One of the first jobs was to make a new streamlined boss for the new mast step.  The photo above shows the boss and the step.  I took the original boss and traced it off on a piece of mahogany (a broken Sunfish dagger board).  The mahogany was a bit thinner than the original step so I epoxied a pair of tracings together.  Bill Boyle took my layer cake and round-overed the top edge.  William Duffield accurately drilled the various screw holes so that they would pick up the existing holes in the fore deck.  I have a bit more refining to do so that the new boss is in contact with the crown of the fore deck.  Once I'm satisfied with the fit I'll add epoxy and screw it down permanently.  The mast step pin is from a Taser class boat.  

 
With the mast step in place I could move on to rigging a carbon fiber wind surfer mast with a simple three stay rig.  The rig in this photo is temporary.  The shrouds and bow stay, left over from another boat, are all too short.  I'm using stay adjusters and extension tangs in order to step the mast.  Making new stays of the correct length will involve revisiting high school math (Pythagoras's Theorem) for calculating the hypotenuse of the triangle created by the distance of the heel of the mast from the shroud chain plate (side a, measurable), the distance from the heel of the mast to the hounds fitting (side b, measurable) and side c--the unknown hypotenuse--the required length for the shrouds.  The same strategy can be employed to derive the length of the bow stay.  The luff groove is plastic awning track epoxied onto the back face of the mast.
 
  



One of the enduring mysteries surrounding this boat, which I detailed in the earlier post, relates to her old IMCA hull/sail number.  The very first Moth of this design is Nr 1335, was built over the winter of 1953/54 to compete in the 1954 International regatta.  So how could this boat have an earlier number?  The sail which came with this boat also carries the number 1296.  To further complicate things, years earlier, Charlie's younger brother Clayton (age 95 at the time) gave me a sail bearing Nr 1581.  Clayton believed that boat itself had been lost during a hurricane which swept up the New England coast in the mid-1950s.  I have since dismissed Nr 1581 as a red herring.  How the Fuller brothers came to have that sail is not important, other that it is misleading.  Period photos exist showing another boat using that sail number.  Additionally, looking at the old class records, the first handful of boats in the 1200 series (Nr 1200 - 1225) were issued in 1949.  The next batch (1226 - 1258) were issued in '50.  1259 - 1268 were issued in '51.  1269 - 1281 were issued in '52 and 1282 - 1295 were issued in '53.  Charlie Fuller is listed as being granted number 1296 but there's no date.  Just a mysterious "x" after the number.  Perhaps the "x" is a place holder.  Perhaps Charlie was issued his number but then delayed construction after seeing the Moth which Bill Lee was building at about the same time and would soon be granted the number 1335.  I will never know the real answer to this mystery--all the folks who knew are no longer with us.  What I do know is that Bill Lee loaned his building molds to Harry Cates and Harry help Charlie Fuller build this boat.  As an aside, Harry later built a copy of Bill Lee's design for his own use.  Harry named that boat "Top Banana", a reference to the swooping shear line of the design.  Locally, in Florida," boats of this design were called "banana boats".

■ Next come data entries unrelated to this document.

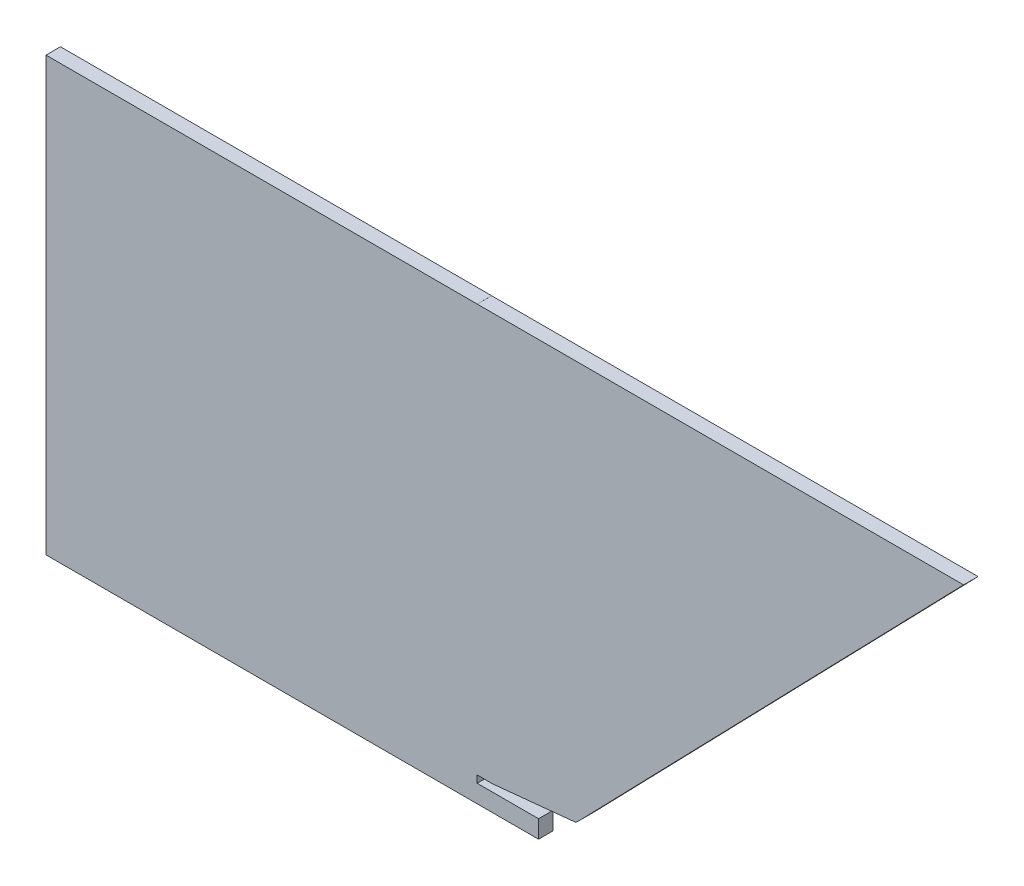
ISO-10303-21;
HEADER;
FILE_DESCRIPTION(('STEP AP214'),'2;1');
FILE_NAME('part.step','',(''),(''),'','','');
FILE_SCHEMA(('AUTOMOTIVE_DESIGN { 1 0 10303 214 1 1 1 1 }'));
ENDSEC;
DATA;
#1=APPLICATION_CONTEXT('core data for automotive mechanical design processes');
#2=APPLICATION_PROTOCOL_DEFINITION('international standard','automotive_design',2000,#1);
#3=PRODUCT_CONTEXT('',#1,'mechanical');
#4=PRODUCT('Part','Part','',(#3));
#5=PRODUCT_RELATED_PRODUCT_CATEGORY('part','',(#4));
#6=PRODUCT_DEFINITION_FORMATION('','',#4);
#7=PRODUCT_DEFINITION_CONTEXT('part definition',#1,'design');
#8=PRODUCT_DEFINITION('design','',#6,#7);
#9=PRODUCT_DEFINITION_SHAPE('','',#8);
#10=(LENGTH_UNIT() NAMED_UNIT(*) SI_UNIT(.MILLI.,.METRE.));
#11=(NAMED_UNIT(*) PLANE_ANGLE_UNIT() SI_UNIT($,.RADIAN.));
#12=(NAMED_UNIT(*) SI_UNIT($,.STERADIAN.) SOLID_ANGLE_UNIT());
#13=UNCERTAINTY_MEASURE_WITH_UNIT(LENGTH_MEASURE(1.E-05),#10,'distance_accuracy_value','');
#14=(GEOMETRIC_REPRESENTATION_CONTEXT(3) GLOBAL_UNCERTAINTY_ASSIGNED_CONTEXT((#13)) GLOBAL_UNIT_ASSIGNED_CONTEXT((#10,
#11,#12)) REPRESENTATION_CONTEXT('',''));
#15=CARTESIAN_POINT('',(0.,0.,0.));
#16=DIRECTION('',(0.,0.,1.));
#17=DIRECTION('',(1.,0.,0.));
#18=AXIS2_PLACEMENT_3D('',#15,#16,#17);
#19=CARTESIAN_POINT('',(0.,29.9956189480923,1.));
#20=DIRECTION('',(0.,-1.,0.));
#21=DIRECTION('',(-1.,0.,0.));
#22=AXIS2_PLACEMENT_3D('',#19,#20,#21);
#23=PLANE('',#22);
#24=DIRECTION('',(-1.,0.,0.));
#25=VECTOR('',#24,1.);
#26=CARTESIAN_POINT('',(0.,29.9956189480923,1.));
#27=LINE('',#26,#25);
#28=CARTESIAN_POINT('',(90.4166488621757,29.9956189480923,0.999999999999994));
#29=VERTEX_POINT('',#28);
#30=CARTESIAN_POINT('',(22.9944465005349,29.9956189480923,1.));
#31=VERTEX_POINT('',#30);
#32=EDGE_CURVE('E215',#29,#31,#27,.T.);
#33=ORIENTED_EDGE('',*,*,#32,.F.);
#34=DIRECTION('',(0.,0.,1.));
#35=VECTOR('',#34,1.);
#36=CARTESIAN_POINT('',(90.4166488621757,29.9956189480923,0.999999999999994));
#37=LINE('',#36,#35);
#38=CARTESIAN_POINT('',(90.4166488621757,29.9956189480923,-0.99999999999999));
#39=VERTEX_POINT('',#38);
#40=EDGE_CURVE('E195',#39,#29,#37,.T.);
#41=ORIENTED_EDGE('',*,*,#40,.F.);
#42=DIRECTION('',(-1.,0.,0.));
#43=VECTOR('',#42,1.);
#44=CARTESIAN_POINT('',(0.,29.9956189480923,-1.));
#45=LINE('',#44,#43);
#46=CARTESIAN_POINT('',(22.9944465005349,29.9956189480923,-1.));
#47=VERTEX_POINT('',#46);
#48=EDGE_CURVE('E241',#39,#47,#45,.T.);
#49=ORIENTED_EDGE('',*,*,#48,.T.);
#50=DIRECTION('',(0.,0.,1.));
#51=VECTOR('',#50,1.);
#52=CARTESIAN_POINT('',(22.9944465005349,29.9956189480923,1.));
#53=LINE('',#52,#51);
#54=EDGE_CURVE('E63',#47,#31,#53,.T.);
#55=ORIENTED_EDGE('',*,*,#54,.T.);
#56=EDGE_LOOP('',(#33,#41,#49,#55));
#57=FACE_BOUND('',#56,.T.);
#58=ADVANCED_FACE('F53',(#57),#23,.F.);
#59=CARTESIAN_POINT('',(22.9944465005349,0.,1.));
#60=DIRECTION('',(-1.,0.,0.));
#61=DIRECTION('',(0.,1.,0.));
#62=AXIS2_PLACEMENT_3D('',#59,#60,#61);
#63=PLANE('',#62);
#64=ORIENTED_EDGE('',*,*,#54,.F.);
#65=DIRECTION('',(0.,1.,0.));
#66=VECTOR('',#65,1.);
#67=CARTESIAN_POINT('',(22.9944465005349,0.,-1.));
#68=LINE('',#67,#66);
#69=CARTESIAN_POINT('',(22.9944465005349,30.,-1.));
#70=VERTEX_POINT('',#69);
#71=EDGE_CURVE('E205',#47,#70,#68,.T.);
#72=ORIENTED_EDGE('',*,*,#71,.T.);
#73=DIRECTION('',(0.,0.,1.));
#74=VECTOR('',#73,1.);
#75=CARTESIAN_POINT('',(22.9944465005349,30.,1.));
#76=LINE('',#75,#74);
#77=CARTESIAN_POINT('',(22.9944465005349,30.,1.));
#78=VERTEX_POINT('',#77);
#79=EDGE_CURVE('E262',#70,#78,#76,.T.);
#80=ORIENTED_EDGE('',*,*,#79,.T.);
#81=DIRECTION('',(0.,1.,0.));
#82=VECTOR('',#81,1.);
#83=CARTESIAN_POINT('',(22.9944465005349,0.,1.));
#84=LINE('',#83,#82);
#85=EDGE_CURVE('E151',#31,#78,#84,.T.);
#86=ORIENTED_EDGE('',*,*,#85,.F.);
#87=EDGE_LOOP('',(#64,#72,#80,#86));
#88=FACE_BOUND('',#87,.T.);
#89=ADVANCED_FACE('F290',(#88),#63,.F.);
#90=CARTESIAN_POINT('',(-31.5,30.,1.));
#91=DIRECTION('',(0.,-1.,0.));
#92=DIRECTION('',(-1.,0.,0.));
#93=AXIS2_PLACEMENT_3D('',#90,#91,#92);
#94=PLANE('',#93);
#95=ORIENTED_EDGE('',*,*,#79,.F.);
#96=DIRECTION('',(-1.,0.,0.));
#97=VECTOR('',#96,1.);
#98=CARTESIAN_POINT('',(0.,30.,-1.));
#99=LINE('',#98,#97);
#100=CARTESIAN_POINT('',(-36.7787595947439,30.,-1.));
#101=VERTEX_POINT('',#100);
#102=EDGE_CURVE('E161',#70,#101,#99,.T.);
#103=ORIENTED_EDGE('',*,*,#102,.T.);
#104=DIRECTION('',(0.,0.,1.));
#105=VECTOR('',#104,1.);
#106=CARTESIAN_POINT('',(-36.7787595947439,30.,0.));
#107=LINE('',#106,#105);
#108=CARTESIAN_POINT('',(-36.7787595947439,30.,1.));
#109=VERTEX_POINT('',#108);
#110=EDGE_CURVE('E158',#101,#109,#107,.T.);
#111=ORIENTED_EDGE('',*,*,#110,.T.);
#112=DIRECTION('',(-1.,0.,0.));
#113=VECTOR('',#112,1.);
#114=CARTESIAN_POINT('',(-31.5,30.,1.));
#115=LINE('',#114,#113);
#116=EDGE_CURVE('E145',#78,#109,#115,.T.);
#117=ORIENTED_EDGE('',*,*,#116,.F.);
#118=EDGE_LOOP('',(#95,#103,#111,#117));
#119=FACE_BOUND('',#118,.T.);
#120=ADVANCED_FACE('F159',(#119),#94,.F.);
#121=CARTESIAN_POINT('',(-31.5,-30.,1.));
#122=DIRECTION('',(0.,1.,0.));
#123=DIRECTION('',(1.,0.,0.));
#124=AXIS2_PLACEMENT_3D('',#121,#122,#123);
#125=PLANE('',#124);
#126=DIRECTION('',(0.,0.,1.));
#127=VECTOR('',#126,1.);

Not knowing much has never stopped me before, so I removed the boat's plywood floor board to see if there is a number carved into the keel.  The webbing thingies are toe straps for hiking---held in place by tiny Nr 6 bronze screws (!).

Unlike Nr 1335, there was no number hiding in plain sight.  I was a bit disappointed, but as I turned the floor board over I discovered this---

The boat's number, the boat's name, the builder's name and the year built--rather faint--"1955".  So, although it is nonsensical, I now accept that this boat, built two years after Mint has a hull number earlier than Mint!  The boat's name is a bit strange-- "B. B. Baby".  I google searched that name with the year 1955 and the most plausible pop culture handle of the mid-1950s that I could find was a popular B. B. King rock 'n roll song, released in 1954 called "Bye! Bye! Baby".